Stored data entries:
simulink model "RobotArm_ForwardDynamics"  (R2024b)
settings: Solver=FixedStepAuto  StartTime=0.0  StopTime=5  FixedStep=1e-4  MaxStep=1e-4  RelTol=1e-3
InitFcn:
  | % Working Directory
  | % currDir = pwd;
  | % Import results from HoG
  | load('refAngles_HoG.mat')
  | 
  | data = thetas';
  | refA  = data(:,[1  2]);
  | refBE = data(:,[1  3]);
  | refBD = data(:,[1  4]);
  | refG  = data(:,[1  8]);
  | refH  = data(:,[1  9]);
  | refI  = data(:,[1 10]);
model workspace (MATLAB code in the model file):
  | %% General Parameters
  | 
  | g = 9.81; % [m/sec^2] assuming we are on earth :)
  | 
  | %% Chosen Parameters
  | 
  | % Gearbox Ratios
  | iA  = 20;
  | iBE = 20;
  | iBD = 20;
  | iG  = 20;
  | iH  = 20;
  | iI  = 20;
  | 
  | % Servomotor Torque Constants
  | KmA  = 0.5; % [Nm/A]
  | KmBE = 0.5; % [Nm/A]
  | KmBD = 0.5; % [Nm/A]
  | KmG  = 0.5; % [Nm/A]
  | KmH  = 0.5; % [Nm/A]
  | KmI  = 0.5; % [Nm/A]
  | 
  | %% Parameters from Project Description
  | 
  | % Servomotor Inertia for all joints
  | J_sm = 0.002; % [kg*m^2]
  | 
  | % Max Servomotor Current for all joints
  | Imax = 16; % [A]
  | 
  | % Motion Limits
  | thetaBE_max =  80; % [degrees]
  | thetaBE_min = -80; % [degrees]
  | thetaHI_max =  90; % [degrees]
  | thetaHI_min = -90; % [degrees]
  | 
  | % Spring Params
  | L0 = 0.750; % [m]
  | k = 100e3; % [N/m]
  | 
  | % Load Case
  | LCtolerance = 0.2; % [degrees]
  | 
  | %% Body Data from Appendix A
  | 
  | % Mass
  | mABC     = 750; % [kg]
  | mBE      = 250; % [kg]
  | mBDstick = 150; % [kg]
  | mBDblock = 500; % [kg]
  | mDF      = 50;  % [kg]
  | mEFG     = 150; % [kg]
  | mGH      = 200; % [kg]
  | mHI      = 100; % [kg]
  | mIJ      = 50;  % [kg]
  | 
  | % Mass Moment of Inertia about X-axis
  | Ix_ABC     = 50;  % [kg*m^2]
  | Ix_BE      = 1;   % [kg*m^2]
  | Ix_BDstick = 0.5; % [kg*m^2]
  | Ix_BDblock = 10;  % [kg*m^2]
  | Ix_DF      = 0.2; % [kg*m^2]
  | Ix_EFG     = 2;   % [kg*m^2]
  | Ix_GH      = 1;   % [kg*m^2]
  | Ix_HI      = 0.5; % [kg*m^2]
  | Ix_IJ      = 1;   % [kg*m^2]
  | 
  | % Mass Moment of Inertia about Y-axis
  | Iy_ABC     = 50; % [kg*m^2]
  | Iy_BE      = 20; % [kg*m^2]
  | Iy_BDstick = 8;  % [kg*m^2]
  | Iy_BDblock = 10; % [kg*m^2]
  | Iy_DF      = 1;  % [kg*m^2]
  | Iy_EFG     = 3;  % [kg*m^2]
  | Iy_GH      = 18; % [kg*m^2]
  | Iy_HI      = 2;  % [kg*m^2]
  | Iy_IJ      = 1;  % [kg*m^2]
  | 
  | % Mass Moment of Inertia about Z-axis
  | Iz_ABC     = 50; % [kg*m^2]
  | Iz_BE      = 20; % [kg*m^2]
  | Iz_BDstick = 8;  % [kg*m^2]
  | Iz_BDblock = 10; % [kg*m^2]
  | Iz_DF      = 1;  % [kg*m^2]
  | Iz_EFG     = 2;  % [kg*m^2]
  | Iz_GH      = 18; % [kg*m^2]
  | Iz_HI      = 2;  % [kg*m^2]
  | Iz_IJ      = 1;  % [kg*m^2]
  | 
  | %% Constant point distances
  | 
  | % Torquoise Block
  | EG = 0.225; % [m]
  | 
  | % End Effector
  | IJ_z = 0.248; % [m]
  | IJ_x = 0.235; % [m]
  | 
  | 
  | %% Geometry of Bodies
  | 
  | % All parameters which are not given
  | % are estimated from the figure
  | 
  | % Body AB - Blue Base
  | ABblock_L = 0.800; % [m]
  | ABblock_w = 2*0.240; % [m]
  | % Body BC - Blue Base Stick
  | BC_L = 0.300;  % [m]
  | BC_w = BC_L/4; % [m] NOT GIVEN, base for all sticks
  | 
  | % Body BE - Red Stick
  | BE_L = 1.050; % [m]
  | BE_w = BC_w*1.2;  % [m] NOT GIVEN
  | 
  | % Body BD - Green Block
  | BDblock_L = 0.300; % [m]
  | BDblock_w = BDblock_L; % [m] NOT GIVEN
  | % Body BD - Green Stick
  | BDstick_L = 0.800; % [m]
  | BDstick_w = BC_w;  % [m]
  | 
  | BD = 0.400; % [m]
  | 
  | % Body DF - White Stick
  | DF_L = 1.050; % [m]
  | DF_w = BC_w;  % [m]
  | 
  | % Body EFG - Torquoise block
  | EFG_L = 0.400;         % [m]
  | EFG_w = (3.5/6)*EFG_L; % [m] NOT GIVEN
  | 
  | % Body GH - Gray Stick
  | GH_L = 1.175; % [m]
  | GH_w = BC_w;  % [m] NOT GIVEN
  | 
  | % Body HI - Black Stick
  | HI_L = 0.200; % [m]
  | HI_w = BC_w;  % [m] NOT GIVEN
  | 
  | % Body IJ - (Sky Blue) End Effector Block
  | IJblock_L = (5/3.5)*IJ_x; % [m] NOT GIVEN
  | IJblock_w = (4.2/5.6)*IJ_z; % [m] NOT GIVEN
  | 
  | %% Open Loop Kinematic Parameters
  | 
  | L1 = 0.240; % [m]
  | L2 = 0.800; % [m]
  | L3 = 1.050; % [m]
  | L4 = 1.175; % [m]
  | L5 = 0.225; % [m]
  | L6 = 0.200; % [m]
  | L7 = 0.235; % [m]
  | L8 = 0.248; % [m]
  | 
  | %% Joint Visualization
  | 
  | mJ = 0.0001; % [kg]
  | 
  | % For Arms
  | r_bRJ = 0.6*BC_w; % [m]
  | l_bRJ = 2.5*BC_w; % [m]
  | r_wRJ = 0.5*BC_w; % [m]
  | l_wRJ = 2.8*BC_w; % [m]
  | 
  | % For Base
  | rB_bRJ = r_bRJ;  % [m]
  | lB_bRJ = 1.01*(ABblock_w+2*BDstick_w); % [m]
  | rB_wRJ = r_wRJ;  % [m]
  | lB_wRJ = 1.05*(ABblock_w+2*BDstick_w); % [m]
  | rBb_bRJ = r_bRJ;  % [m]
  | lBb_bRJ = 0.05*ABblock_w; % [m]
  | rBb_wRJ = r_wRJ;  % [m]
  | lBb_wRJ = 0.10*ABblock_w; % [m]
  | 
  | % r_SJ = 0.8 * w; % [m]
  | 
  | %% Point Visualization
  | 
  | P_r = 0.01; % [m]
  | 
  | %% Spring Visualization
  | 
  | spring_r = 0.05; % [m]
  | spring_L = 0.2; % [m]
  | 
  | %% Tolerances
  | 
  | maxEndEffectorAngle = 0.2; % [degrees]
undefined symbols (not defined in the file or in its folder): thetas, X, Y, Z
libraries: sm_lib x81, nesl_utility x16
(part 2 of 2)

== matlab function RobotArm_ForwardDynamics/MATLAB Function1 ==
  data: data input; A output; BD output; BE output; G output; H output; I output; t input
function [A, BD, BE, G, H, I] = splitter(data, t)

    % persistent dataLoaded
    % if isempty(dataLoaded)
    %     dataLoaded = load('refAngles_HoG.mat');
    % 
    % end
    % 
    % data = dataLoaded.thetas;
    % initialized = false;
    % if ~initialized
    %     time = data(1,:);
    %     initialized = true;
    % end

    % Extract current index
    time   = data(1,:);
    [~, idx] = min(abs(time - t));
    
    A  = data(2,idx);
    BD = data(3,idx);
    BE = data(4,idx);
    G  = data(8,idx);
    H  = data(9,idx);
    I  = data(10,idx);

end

- [EXERCISE OBJECTIVE] Look for the string "about" in the data above and return every line that has it.

- [WRITTEN RESPONSE]
  | % Mass Moment of Inertia about X-axis
  | % Mass Moment of Inertia about Y-axis
  | % Mass Moment of Inertia about Z-axis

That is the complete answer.